Tuesday, November 27, 2007

Patton Escape Plan

I know the Dillinger Escape Plan has nothing but love for Mike Patton. Hell, their collaborative EP from a few years back is a hard kick in the man-sack and proved that they knew more about music then just mindless wanking and dead-cat-sounding screaming. Dmitri, their first "singer" all but ruined their otherwise ferocious debut EP and 1999's Calculating Infinity, an album emulated by thousands of wanna-be Math-Core fuckwads (All Else Failed, I'm looking in your direction). It wasn't until they shed themselves of him that they could mix the chops with actual song parts. 

Miss Machine was an odd one. It was the recording debut of their new singer Greg, a muscle-bound short dude who was more GG Allin on stage than singer. However, this guy can fucking sing. Does he worship at the Patton Throne and pull off a bit of Trent Reznor? Um, yeah. But that's cool...There's plenty worse he could steal from. So Miss Machine was a collection of good pieces (especially "Unretrofied", an actual song), but just lacked the fury of the EP and the song thatt broke them in the underground years before, "43% Burnt". 

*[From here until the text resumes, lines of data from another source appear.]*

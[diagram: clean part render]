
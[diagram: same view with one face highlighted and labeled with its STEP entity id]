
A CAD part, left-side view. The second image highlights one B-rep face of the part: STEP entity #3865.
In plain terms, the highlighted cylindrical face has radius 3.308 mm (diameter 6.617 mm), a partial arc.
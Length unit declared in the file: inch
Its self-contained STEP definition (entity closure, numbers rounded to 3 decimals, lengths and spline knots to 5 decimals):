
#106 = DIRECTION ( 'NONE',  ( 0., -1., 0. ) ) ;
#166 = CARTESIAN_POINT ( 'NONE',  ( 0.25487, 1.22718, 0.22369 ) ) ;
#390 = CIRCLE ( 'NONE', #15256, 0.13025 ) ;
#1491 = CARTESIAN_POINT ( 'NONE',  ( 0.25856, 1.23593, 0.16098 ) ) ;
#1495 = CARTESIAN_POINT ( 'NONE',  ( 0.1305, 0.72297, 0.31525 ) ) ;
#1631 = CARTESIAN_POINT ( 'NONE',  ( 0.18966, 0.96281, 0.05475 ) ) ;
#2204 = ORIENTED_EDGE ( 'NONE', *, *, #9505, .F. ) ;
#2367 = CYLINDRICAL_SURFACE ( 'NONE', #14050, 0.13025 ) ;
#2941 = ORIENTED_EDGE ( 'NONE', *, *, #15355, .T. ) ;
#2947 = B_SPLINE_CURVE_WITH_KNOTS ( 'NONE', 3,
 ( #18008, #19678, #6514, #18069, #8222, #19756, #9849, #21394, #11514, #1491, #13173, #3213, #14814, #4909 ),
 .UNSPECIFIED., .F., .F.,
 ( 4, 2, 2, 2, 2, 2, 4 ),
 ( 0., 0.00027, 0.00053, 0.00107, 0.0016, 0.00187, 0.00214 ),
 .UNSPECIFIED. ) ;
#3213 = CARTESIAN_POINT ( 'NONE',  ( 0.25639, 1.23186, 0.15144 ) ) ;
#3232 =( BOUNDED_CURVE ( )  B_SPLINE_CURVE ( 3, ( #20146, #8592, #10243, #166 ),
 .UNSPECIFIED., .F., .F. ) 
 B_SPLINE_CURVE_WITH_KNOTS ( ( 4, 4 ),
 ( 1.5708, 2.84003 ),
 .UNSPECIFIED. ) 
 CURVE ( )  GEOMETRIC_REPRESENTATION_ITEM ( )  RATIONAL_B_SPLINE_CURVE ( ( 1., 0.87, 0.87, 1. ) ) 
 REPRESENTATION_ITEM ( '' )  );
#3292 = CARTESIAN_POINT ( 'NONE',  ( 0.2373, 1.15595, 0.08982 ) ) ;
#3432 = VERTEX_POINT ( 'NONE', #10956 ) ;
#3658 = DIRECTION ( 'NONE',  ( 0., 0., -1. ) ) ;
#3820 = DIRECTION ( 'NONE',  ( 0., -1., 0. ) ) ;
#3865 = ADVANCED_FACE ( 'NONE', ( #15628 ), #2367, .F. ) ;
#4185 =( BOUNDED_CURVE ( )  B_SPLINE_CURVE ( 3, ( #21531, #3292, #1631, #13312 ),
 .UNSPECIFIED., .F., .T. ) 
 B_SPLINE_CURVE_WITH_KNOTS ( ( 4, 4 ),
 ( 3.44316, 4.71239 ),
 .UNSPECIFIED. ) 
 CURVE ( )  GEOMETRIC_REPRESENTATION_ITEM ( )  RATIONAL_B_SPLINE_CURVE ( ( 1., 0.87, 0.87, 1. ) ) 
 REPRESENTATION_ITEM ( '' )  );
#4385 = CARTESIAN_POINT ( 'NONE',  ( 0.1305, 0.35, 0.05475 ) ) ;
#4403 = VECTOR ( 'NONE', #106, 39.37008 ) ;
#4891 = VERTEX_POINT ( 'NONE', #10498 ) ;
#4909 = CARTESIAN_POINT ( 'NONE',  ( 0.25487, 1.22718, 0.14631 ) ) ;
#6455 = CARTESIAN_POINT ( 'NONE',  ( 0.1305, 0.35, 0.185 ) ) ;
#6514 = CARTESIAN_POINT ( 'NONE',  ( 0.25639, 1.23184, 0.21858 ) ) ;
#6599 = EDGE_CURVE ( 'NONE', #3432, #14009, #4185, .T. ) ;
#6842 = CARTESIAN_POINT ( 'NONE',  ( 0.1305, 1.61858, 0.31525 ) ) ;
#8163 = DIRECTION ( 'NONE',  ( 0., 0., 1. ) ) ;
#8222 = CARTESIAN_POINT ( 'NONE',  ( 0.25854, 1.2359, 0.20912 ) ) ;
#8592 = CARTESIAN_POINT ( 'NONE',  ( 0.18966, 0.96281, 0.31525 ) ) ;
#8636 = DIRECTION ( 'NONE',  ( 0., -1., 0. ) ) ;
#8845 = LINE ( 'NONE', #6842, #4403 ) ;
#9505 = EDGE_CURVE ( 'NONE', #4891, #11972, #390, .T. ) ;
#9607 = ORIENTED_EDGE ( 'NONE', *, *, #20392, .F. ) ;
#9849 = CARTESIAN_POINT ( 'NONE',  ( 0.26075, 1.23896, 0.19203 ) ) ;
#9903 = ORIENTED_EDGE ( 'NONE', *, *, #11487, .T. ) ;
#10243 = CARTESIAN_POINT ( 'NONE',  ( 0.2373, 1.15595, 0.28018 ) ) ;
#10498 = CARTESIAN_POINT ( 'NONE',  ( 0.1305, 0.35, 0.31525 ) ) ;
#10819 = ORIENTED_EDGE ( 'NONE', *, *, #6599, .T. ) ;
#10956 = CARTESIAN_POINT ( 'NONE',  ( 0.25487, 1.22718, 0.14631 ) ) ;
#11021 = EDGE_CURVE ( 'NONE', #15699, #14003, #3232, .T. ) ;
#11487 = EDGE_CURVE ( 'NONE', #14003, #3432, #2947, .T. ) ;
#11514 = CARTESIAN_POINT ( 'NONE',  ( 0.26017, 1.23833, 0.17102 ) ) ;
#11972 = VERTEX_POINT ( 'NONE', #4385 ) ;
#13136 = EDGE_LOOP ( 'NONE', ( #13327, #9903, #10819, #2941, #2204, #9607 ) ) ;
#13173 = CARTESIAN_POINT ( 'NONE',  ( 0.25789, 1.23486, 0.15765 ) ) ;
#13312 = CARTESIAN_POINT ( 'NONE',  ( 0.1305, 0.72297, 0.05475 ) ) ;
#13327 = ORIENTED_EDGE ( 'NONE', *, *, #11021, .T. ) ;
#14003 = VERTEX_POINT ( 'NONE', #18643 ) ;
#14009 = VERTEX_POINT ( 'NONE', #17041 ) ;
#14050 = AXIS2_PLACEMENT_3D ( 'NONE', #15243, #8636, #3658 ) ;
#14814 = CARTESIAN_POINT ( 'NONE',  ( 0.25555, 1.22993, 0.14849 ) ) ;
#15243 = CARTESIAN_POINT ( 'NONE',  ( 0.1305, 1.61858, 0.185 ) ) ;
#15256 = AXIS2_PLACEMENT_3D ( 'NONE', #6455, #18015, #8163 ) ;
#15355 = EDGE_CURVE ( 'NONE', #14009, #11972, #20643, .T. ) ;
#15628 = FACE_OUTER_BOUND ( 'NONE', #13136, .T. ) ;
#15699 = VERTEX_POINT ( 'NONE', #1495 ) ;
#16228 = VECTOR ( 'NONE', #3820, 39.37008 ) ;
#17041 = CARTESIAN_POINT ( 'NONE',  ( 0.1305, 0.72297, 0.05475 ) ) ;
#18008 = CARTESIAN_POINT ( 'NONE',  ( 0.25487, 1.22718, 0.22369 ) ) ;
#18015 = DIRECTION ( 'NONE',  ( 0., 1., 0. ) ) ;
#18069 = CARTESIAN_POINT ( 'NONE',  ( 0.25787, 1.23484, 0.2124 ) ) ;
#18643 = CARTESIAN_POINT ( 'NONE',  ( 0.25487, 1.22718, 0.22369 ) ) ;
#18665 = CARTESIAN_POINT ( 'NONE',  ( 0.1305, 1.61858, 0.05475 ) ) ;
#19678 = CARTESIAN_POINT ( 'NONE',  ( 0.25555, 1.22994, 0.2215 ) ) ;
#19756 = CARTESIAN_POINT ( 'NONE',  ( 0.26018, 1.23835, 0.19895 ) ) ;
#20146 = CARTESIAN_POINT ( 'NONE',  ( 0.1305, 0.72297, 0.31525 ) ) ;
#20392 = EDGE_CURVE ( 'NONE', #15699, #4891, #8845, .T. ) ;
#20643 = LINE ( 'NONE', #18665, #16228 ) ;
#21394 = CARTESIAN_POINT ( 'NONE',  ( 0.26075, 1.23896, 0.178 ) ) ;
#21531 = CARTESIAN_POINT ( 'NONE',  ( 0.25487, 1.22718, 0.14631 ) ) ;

An iTunes covers EP followed. Love the Timberlake cover, hate the Soundgarden attempt. And then their founding drummer left...for Coheed & Fucking Cambria. I couldn't make this shit up. So they find a replacement more technically proficient in this dude Gil from Stolen Babies. Some hand injuries for their guitarist which only allows him to write and record for DEP is also thrown in the mix. Good times.

Ire Works is their first masterpiece. "Fix Your Face" will please old fans and win new ones, while "Black Bubblegum" reinvents the band by the time the track hits the one-minute mark. No longer a Patton clone (but still a bright pupil), Greg uses his very versatile range to go from falsetto croons right into razor-blade screams. The musicianship is simply top-notch. The math-core spazz tracks are perfectly dusted throughout the album, while their hundred new directions pack the real punch. Lots of electronics, actual singing and damn good songs. Songs.

Record of the year? Too early to tell. All I know is that every band that ever ripped one note from DEP better understand that their services are no longer needed.